* PROBLEM REQUIREMENTS
Look through the lines below; wherever the word "with" appears, copy that line.

**** RECORDS PROVIDED ****

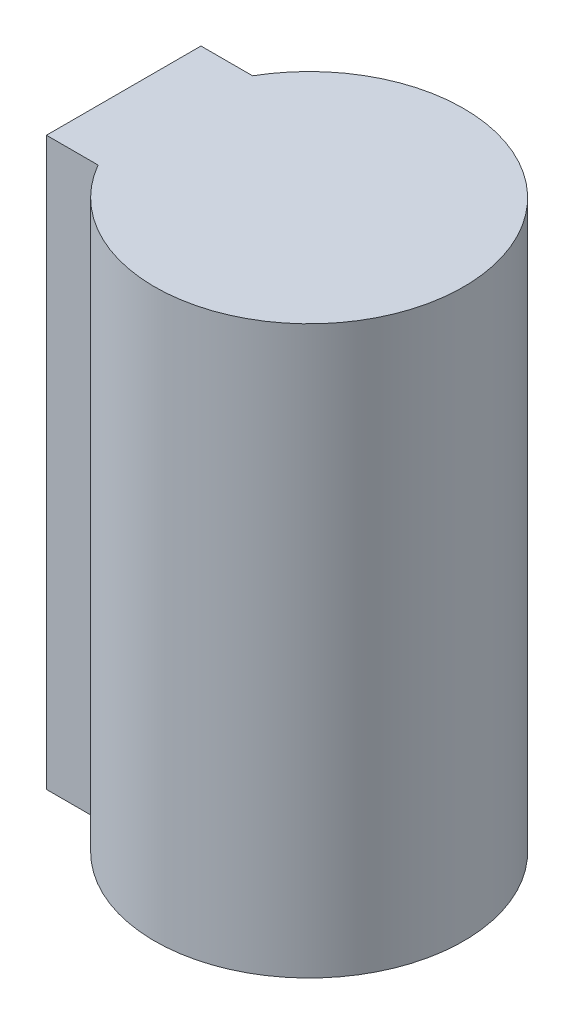
from build123d import *

# Parameters (mm, degrees)
BASIS_DEPTH = 110


with BuildPart() as part:
    # Skizze1 → Basis (new body)
    with BuildSketch(Plane(origin=(0, 0, 0), x_dir=(1, 0, 0), z_dir=(0, 1, 0))):
        with BuildLine():
            Line((-36, 15), (-36, -15))
            Line((-36, -15), (-25.980762114, -15))
            ThreePointArc((-25.980762114, -15), (30, 0), (-25.980762114, 15))
            Line((-25.980762114, 15), (-36, 15))
        make_face()
    extrude(amount=BASIS_DEPTH)


solid = part.part

****

* EXERCISE RESULT
with BuildPart() as part:
    with BuildSketch(Plane(origin=(0, 0, 0), x_dir=(1, 0, 0), z_dir=(0, 1, 0))):
        with BuildLine():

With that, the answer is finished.